The internet is nearly 20 years old but many businesses are still not maximising the potential of a well-designed online presence. Invest now and you won’t regret it, says David Soskin

A couple of weeks ago, The Financial Times reported that in 2008, 73.5% of UK businesses had a website. This means that 26.5% did not. As someone who has been involved in the digital economy since its infancy in the 1990s, I must admit to being astonished. I suppose at one time the same reluctance to adopt must have been true for telephones. Imagine the business owner saying: ‘A telephone! Stuff and nonsense! Why would I want a telephone? What is the point of this expensive and new fangled technology?’

I am quite certain readers of this column do have websites. They want their businesses to grow which is why they read this magazine. And the internet has become an essential way both to grow businesses and for smaller firms to level the playing field against larger competitors.

I particularly like the example of Mayfair-based perfumery Ormonde Jayne, which has increased its sales exponentially via its well-designed website. Linda Pilkington, Ormonde Jayne’s founder, realised very quickly that her international clientele, having visited her store, could order and reorder via the web. Not only could the website in effect replace an expensive 24/7 call centre, by good design it could tempt its users to spend more money than if they simply placed an order by phone.

It can be a challenge for established businesses to know how best to build up their online operations. As a consequence many do it badly. I can cite innumerable examples of household name companies whose websites are frustratingly poor. The internet demands a new and evolving range of skills which can be difficult for an old economy business to get to grips with.

For example, some years ago, I attended a Google event in London and met one of their new members of staff. He told me he was an ‘optimiser’. When I graduated, I never came across job vacancies for ‘optimisers’. Yet in the new world of the internet, optimisers are a vital – and well paid – resource. These are the people who understand search engines and the ways to make money out of them.

So, while encouraging the 26.5% to get a wiggle on, I also advise caution in how they go about doing it. They need to take a web presence very seriously and understand that it is not just a simple add-on.

The commercial internet is now nearly 20 years old. Unlike a decade ago, there are experienced professionals available with track records in various functional areas that successful digital businesses require: coding, design, marketing, metric analysis and so on. So don’t be afraid of hiring your own online team but, as with any recruitment, take the time and trouble to get it right.

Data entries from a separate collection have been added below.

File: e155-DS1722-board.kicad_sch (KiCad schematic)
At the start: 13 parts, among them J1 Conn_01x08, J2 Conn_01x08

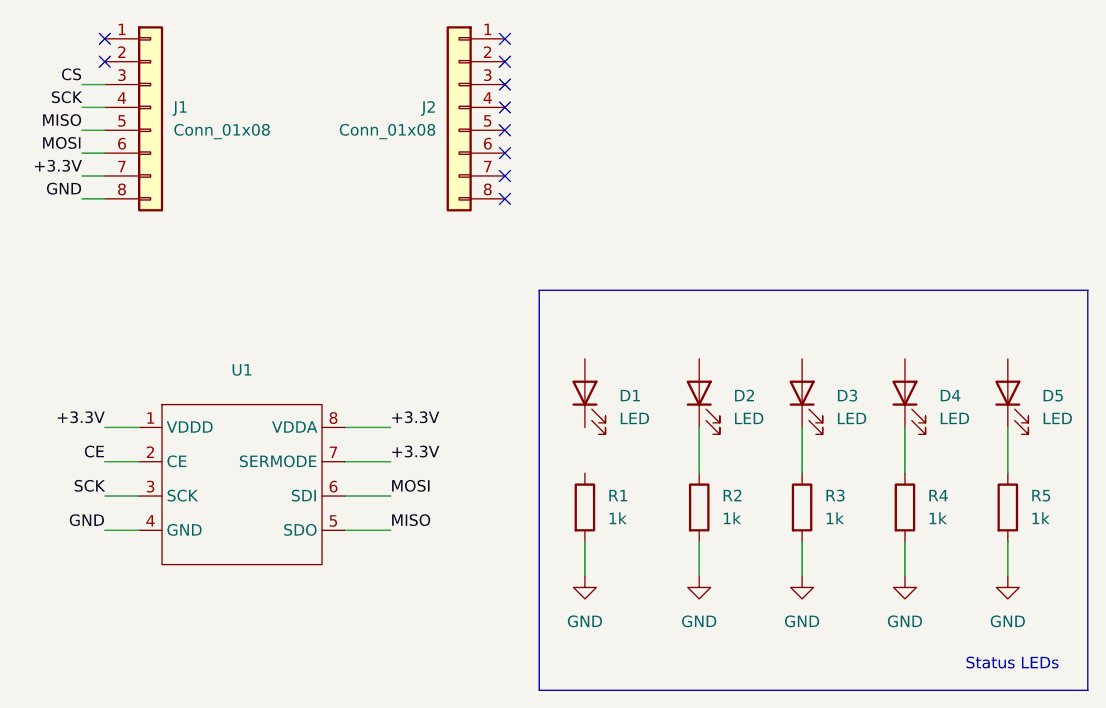
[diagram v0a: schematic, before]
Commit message: Initial PCB layout and routing
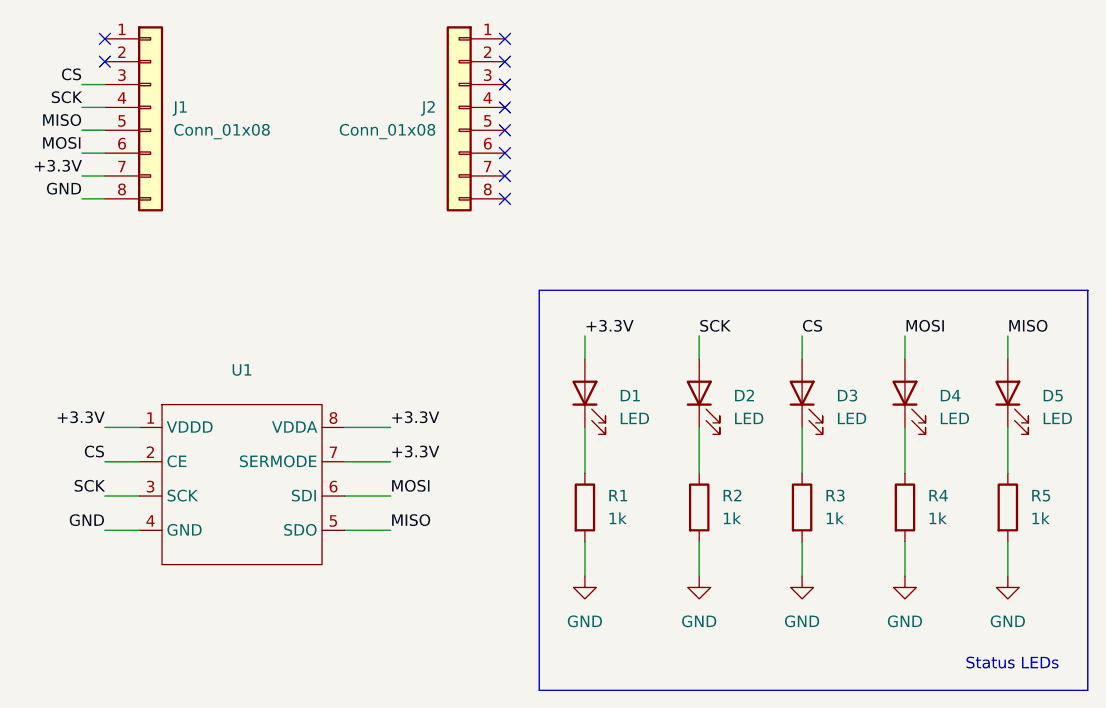
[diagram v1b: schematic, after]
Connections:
- net CE is gone; now on net CS: U1.2 (CE)
- net +3.3V: now also D1.2 (A)
- net CS: now also D3.2 (A)
- net MISO: now also D5.2 (A)
- net MOSI: now also D4.2 (A)
- net SCK: now also D2.2 (A)
- net at D1.1 (K): now also R1.1
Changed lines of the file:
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@@
+	(wire
+		(pts
+			(xy 222.25 121.92) (xy 222.25 124.46)
+		)
+		(stroke
+			(width 0)
+			(type default)
+		)
+	)
+	(wire
+		(pts
+			(xy 222.25 132.08) (xy 222.25 137.16)
+		)
+		(stroke
+			(width 0)
+			(type default)
+		)
+	)
 	(wire
 		(pts
@@
 	(wire
 		(pts
+			(xy 269.24 121.92) (xy 269.24 124.46)
+		)
+		(stroke
+			(width 0)
+			(type default)
+		)
+	)
+	(wire
+		(pts
 			(xy 166.37 104.14) (xy 168.91 104.14)
 		)
@@
 	(wire
 		(pts
+			(xy 257.81 121.92) (xy 257.81 124.46)
+		)
+		(stroke
+			(width 0)
+			(type default)
+		)
+	)
+	(wire
+		(pts
 			(xy 222.25 144.78) (xy 222.25 148.59)
 		)
@@
 		(pts
 			(xy 168.91 135.89) (xy 172.72 135.89)
+		)
+		(stroke
+			(width 0)
+			(type default)
+		)
+	)
+	(wire
+		(pts
+			(xy 246.38 121.92) (xy 246.38 124.46)
+		)
+		(stroke
+			(width 0)
+			(type default)
+		)
+	)
+	(wire
+		(pts
+			(xy 234.95 121.92) (xy 234.95 124.46)
 		)
 		(stroke
@@
 		)
 	)
-	(label "CE"
+	(label "MOSI"
+		(at 257.81 121.92 0)
+		(fields_autoplaced yes)
+		(effects
+			(font
+				(size 1.27 1.27)
+			)
+			(justify left bottom)
+		)
+	)
+	(label "CS"
 		(at 168.91 135.89 180)
 		(fields_autoplaced yes)
@@
 		)
 	)
+	(label "CS"
+		(at 246.38 121.92 0)
+		(fields_autoplaced yes)
+		(effects
+			(font
+				(size 1.27 1.27)
+			)
+			(justify left bottom)
+		)
+	)
 	(label "+3.3V"
 		(at 166.37 104.14 180)
@@
 		)
 	)
+	(label "+3.3V"
+		(at 222.25 121.92 0)
+		(fields_autoplaced yes)
+		(effects
+			(font
+				(size 1.27 1.27)
+			)
+			(justify left bottom)
+		)
+	)
 	(label "MOSI"
 		(at 166.37 101.6 180)
@@
 		)
 	)
+	(label "SCK"
+		(at 234.95 121.92 0)
+		(fields_autoplaced yes)
+		(effects
+			(font
+				(size 1.27 1.27)
+			)
+			(justify left bottom)
+		)
+	)
+	(label "MISO"
+		(at 269.24 121.92 0)
+		(fields_autoplaced yes)
+		(effects
+			(font
+				(size 1.27 1.27)
+			)
+			(justify left bottom)
+		)
+	)

For smaller businesses, building an internet presence entirely in-house can be a financial stretch. So it probably makes sense to contract out the whole effort. The good news is that the costs of building, hosting and managing websites has plummeted in recent years so a simple web presence is extraordinarily cheap. But beware: there are a lot of cowboys out there who will try to overcharge.

So shop around and take references.

Think about Ryanair, presided over by perhaps the best cost-cutter in the history of aviation, Michael O’Leary. When he asked professional web companies to quote for building a website, the proposals rolled in, one of them for £3.5m. In the end, he found two students who offered to build the Ryanair website for £15,500. And being O’Leary, he later beat them down to £12,000, the moral here being: for technology there is no such thing as a list price.